# Travel to Alicante Airport



## morleywilliams (Aug 24, 2011)

We are going to the Almafra campsite in February to join a CCC rally and will want to travel to Alicante Airport to meet our daughter who is coming to join us for a week, does anybody know whether it would be better to travel to the airport by bus, rail, or maybe hire a car.


----------



## erneboy (Feb 8, 2007)

Can't help with public transport or hire car. I frequently drop off and collect visitors in our van, if you want to do that. Just follow the signs to arrivals and you can park for a few minutes no problem. I don't go in till the person I am collecting rings me to tell me they are there, Alan.


----------



## Mike48 (May 1, 2005)

Benidorm? If so there are plenty of buses. There is a special cheap bus which stops outside the Villasol campsite and there is also a bus that can be booked through Round Town news on the Rincon. Otherwise there is a public transport bus service.


----------



## Glen432 (May 9, 2005)

If you go to Albir there are lots of agent's that do airport transfer's, my daughter came last year when we stayed at Cap Blanch. Think about e30 depending on people one way they do return but haggle on that price and you usually get a reduction.

Phil


----------



## tonka (Apr 24, 2006)

Car hire if you can get a deal is best, especially if you are going there and back.. HOWEVER be very careful on how they do the fuel, many charge a full tank as a minimum.. !! Shop around...
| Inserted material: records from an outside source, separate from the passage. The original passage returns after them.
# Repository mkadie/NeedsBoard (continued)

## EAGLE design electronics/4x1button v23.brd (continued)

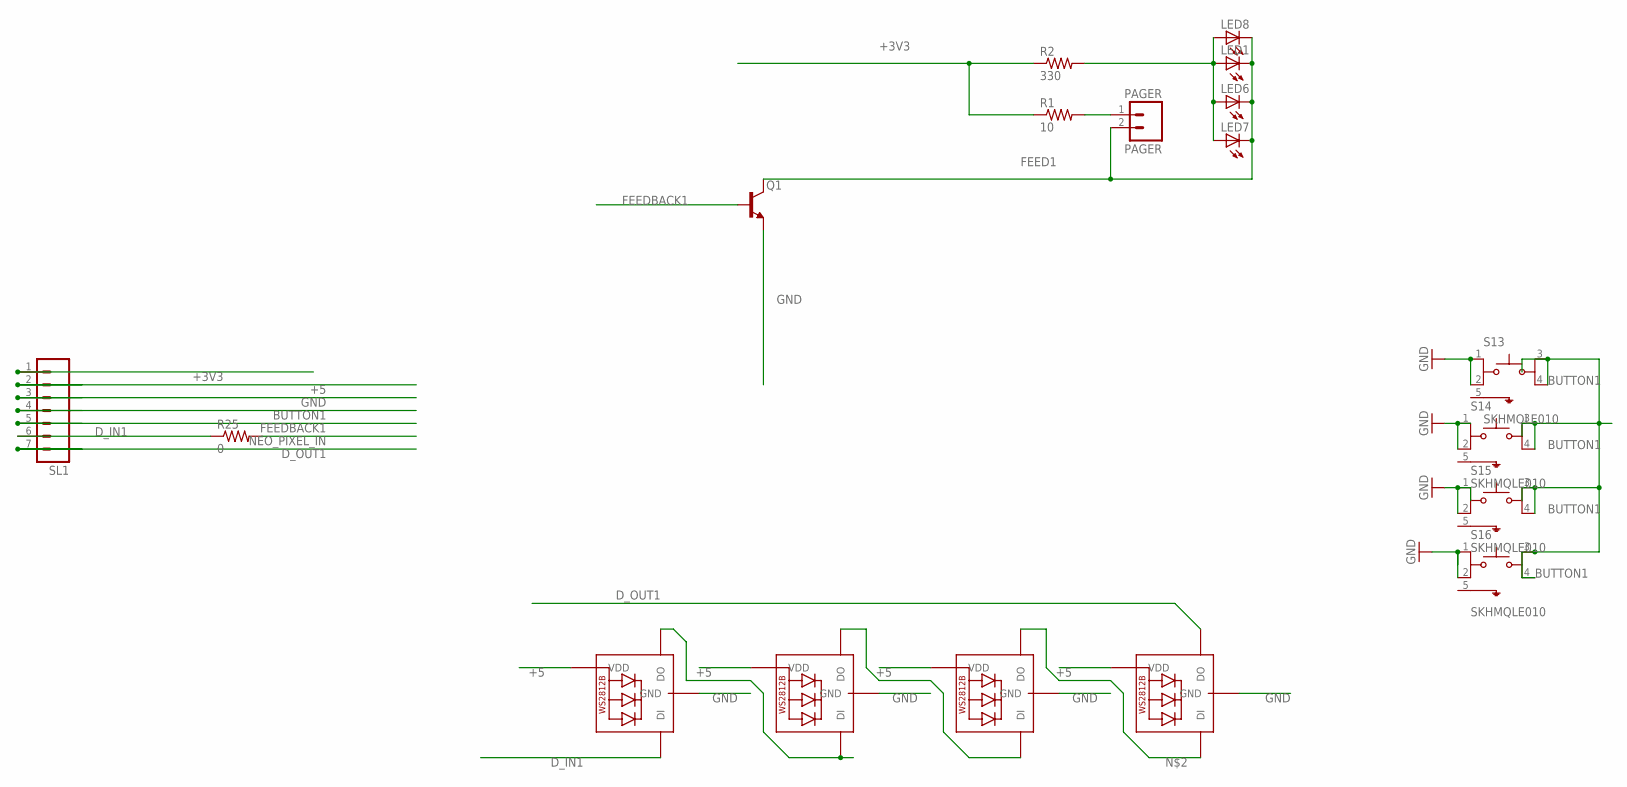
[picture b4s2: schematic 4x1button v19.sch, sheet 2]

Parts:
LED1, LED6, LED7, LED8: LEDCHIP-LED0805; CHIP-LED0805
LED2, LED3, LED4, LED5: WS2812B-V5/W; WS2812B
PAGER: PAGER; 02PA
Q1: MMUN2216; SOT95P237X112-3N
R1: 10; R0805
R2: 330; R0805
R25: 0; R0805
S13, S14, S15, S16: SKHMQLE010; SW_SKHMQLE010
SL1: MA07; 07PA

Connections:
5: S13.5, S14.5, S15.5, S16.5; also elsewhere on the board
+3V3: R1.1, R2.1, SL1.1; also elsewhere on the board
+5: LED2.1-VDD (VDD), LED3.1-VDD (VDD), LED4.1-VDD (VDD), LED5.1-VDD (VDD), SL1.2; also elsewhere on the board
BUTTON1: S13.3, S13.4, S14.3, S14.4, S15.3, S15.4, S16.3, S16.4, SL1.4; also elsewhere on the board
D_IN1: LED2.4-DIN (DI), R25.1, SL1.6
D_OUT1: LED5.2-DOUT (DO), SL1.7; also elsewhere on the board
FEED1: LED1.C, LED6.C, LED7.C, LED8.C, PAGER.2, Q1.3 (C)
FEEDBACK1: Q1.1 (B), SL1.5; also elsewhere on the board
GND: LED2.3-GND (GND), LED3.3-GND (GND), LED4.3-GND (GND), LED5.3-GND (GND), Q1.2 (E), S13.1, S13.2, S14.1, S14.2, S15.1, S15.2, S16.1, S16.2, SL1.3; also elsewhere on the board
unnamed: PAGER.1, R1.2
unnamed: LED4.2-DOUT (DO), LED5.4-DIN (DI)
unnamed: LED1.A, LED6.A, LED7.A, LED8.A, R2.2
unnamed: LED2.2-DOUT (DO), LED3.4-DIN (DI)
unnamed: LED3.2-DOUT (DO), LED4.4-DIN (DI)
NEO_PIXEL_IN: R25.2; also elsewhere on the board

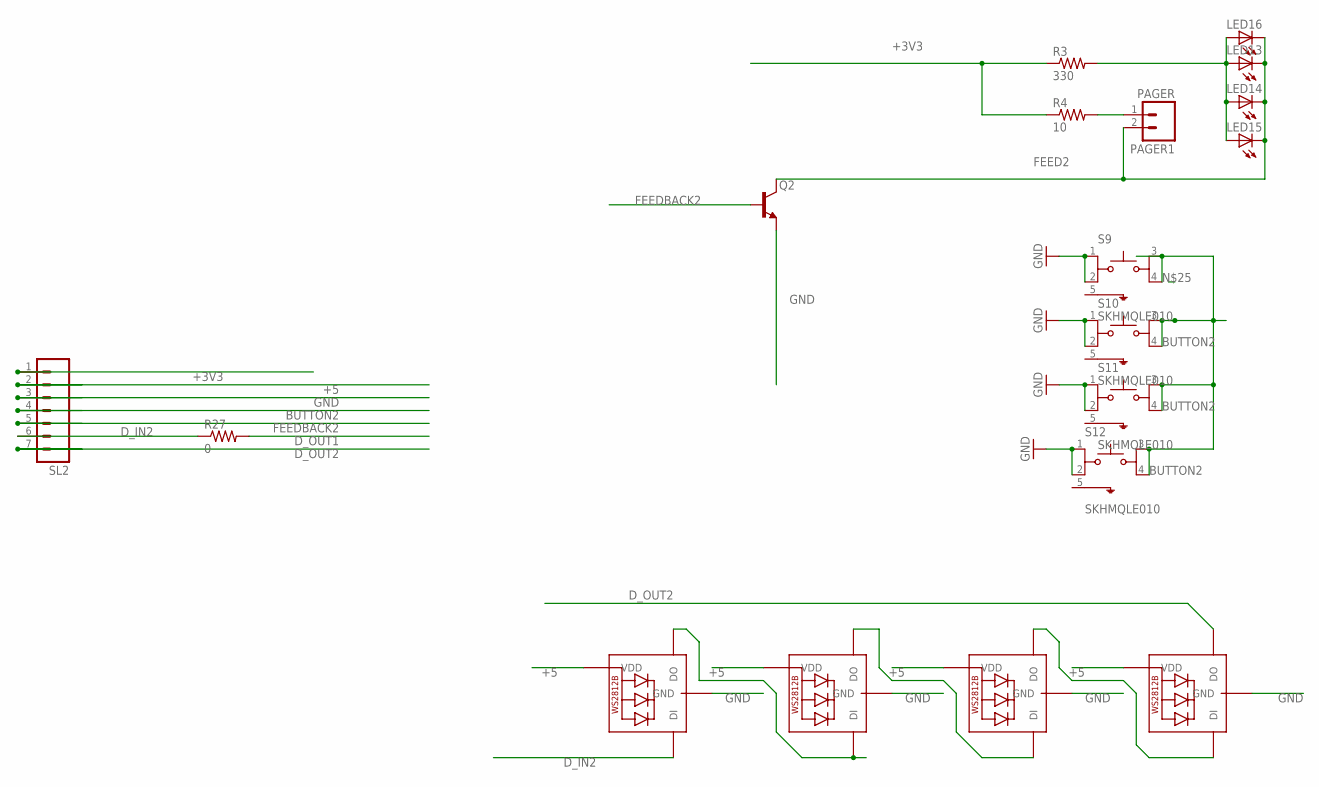
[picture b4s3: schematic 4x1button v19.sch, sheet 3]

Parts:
LED9, LED10, LED11, LED12: WS2812B-V5/W; WS2812B
LED13, LED14, LED15, LED16: LEDCHIP-LED0805; CHIP-LED0805
PAGER1: PAGER; 02PA
Q2: MMUN2216; SOT95P237X112-3N
R3: 330; R0805
R4: 10; R0805
R27: 0; R0805
S9, S10, S11, S12: SKHMQLE010; SW_SKHMQLE010
SL2: MA07; 07PA

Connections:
5: S9.5, S10.5, S11.5, S12.5; also elsewhere on the board
+3V3: R3.1, R4.1, SL2.1; also elsewhere on the board
+5: LED9.1-VDD (VDD), LED10.1-VDD (VDD), LED11.1-VDD (VDD), LED12.1-VDD (VDD), SL2.2; also elsewhere on the board
BUTTON2: S9.3, S9.4, S10.3, S10.4, S11.3, S11.4, S12.3, S12.4, SL2.4; also elsewhere on the board
D_IN2: LED9.4-DIN (DI), R27.1, SL2.6
D_OUT1: R27.2; also elsewhere on the board
D_OUT2: LED12.2-DOUT (DO), SL2.7; also elsewhere on the board
FEED2: LED13.C, LED14.C, LED15.C, LED16.C, PAGER1.2, Q2.3 (C)
FEEDBACK2: Q2.1 (B), SL2.5; also elsewhere on the board
GND: LED9.3-GND (GND), LED10.3-GND (GND), LED11.3-GND (GND), LED12.3-GND (GND), Q2.2 (E), S9.1, S9.2, S10.1, S10.2, S11.1, S11.2, S12.1, S12.2, SL2.3; also elsewhere on the board
unnamed: LED9.2-DOUT (DO), LED10.4-DIN (DI)
unnamed: LED10.2-DOUT (DO), LED11.4-DIN (DI)
unnamed: LED13.A, LED14.A, LED15.A, LED16.A, R3.2
unnamed: PAGER1.1, R4.2
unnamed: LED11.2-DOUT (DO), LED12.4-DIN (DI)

Taxi.. A fortune.. maybe €120 min on a return.

There is an airportbus that runs every hour from ave Europe and the main bus station in Benidorm €8.. To get to ave Europe from Almafra you need no 10 bus into town and get off by Belroy hotel.

The Train runs from just outside Almafra into the port at Alicante BUT then you need a taxi or walk to bus station and then a bus to airport...
Not an easy option.....

My suggestion is just get your Daughter to book coach transfer at travel republic, very cheap.. We often pay about €7 RETURN.. Then meet her off the coach, they should drop off at campsite....


----------



## morleywilliams (Aug 24, 2011)

Thanks for the replies, very helpful
Morley


----------



## PEPPS (Mar 19, 2013)

*airport*

we have just arrived back at Almafra after spending a cpl of weeks back in the uk we use the shuttle at a cost of 6 euros one way takes you to the site

mick


----------



## morleywilliams (Aug 24, 2011)

Thanks Mick, sounds good.


----------



## AndrewandShirley (Oct 13, 2007)

1. Round the Town buses will collect from Almafra.

2. Go into the indoor market and see Scott at the Apple rental store opp Andy telephone shop. He can arrange car hire from €15 per day all in with NO extras or an airport bus, which will pick you up from the campsite.

3. We use the Alsa bus runs every hour and is €9 return.

No 10 bus from site and get off at the Belroy, which is one stop til it terminates. Go up the hill and the Alsa off is on your right.


We are in Almafra atm and done the trip three times in 6 weeks so far.


----------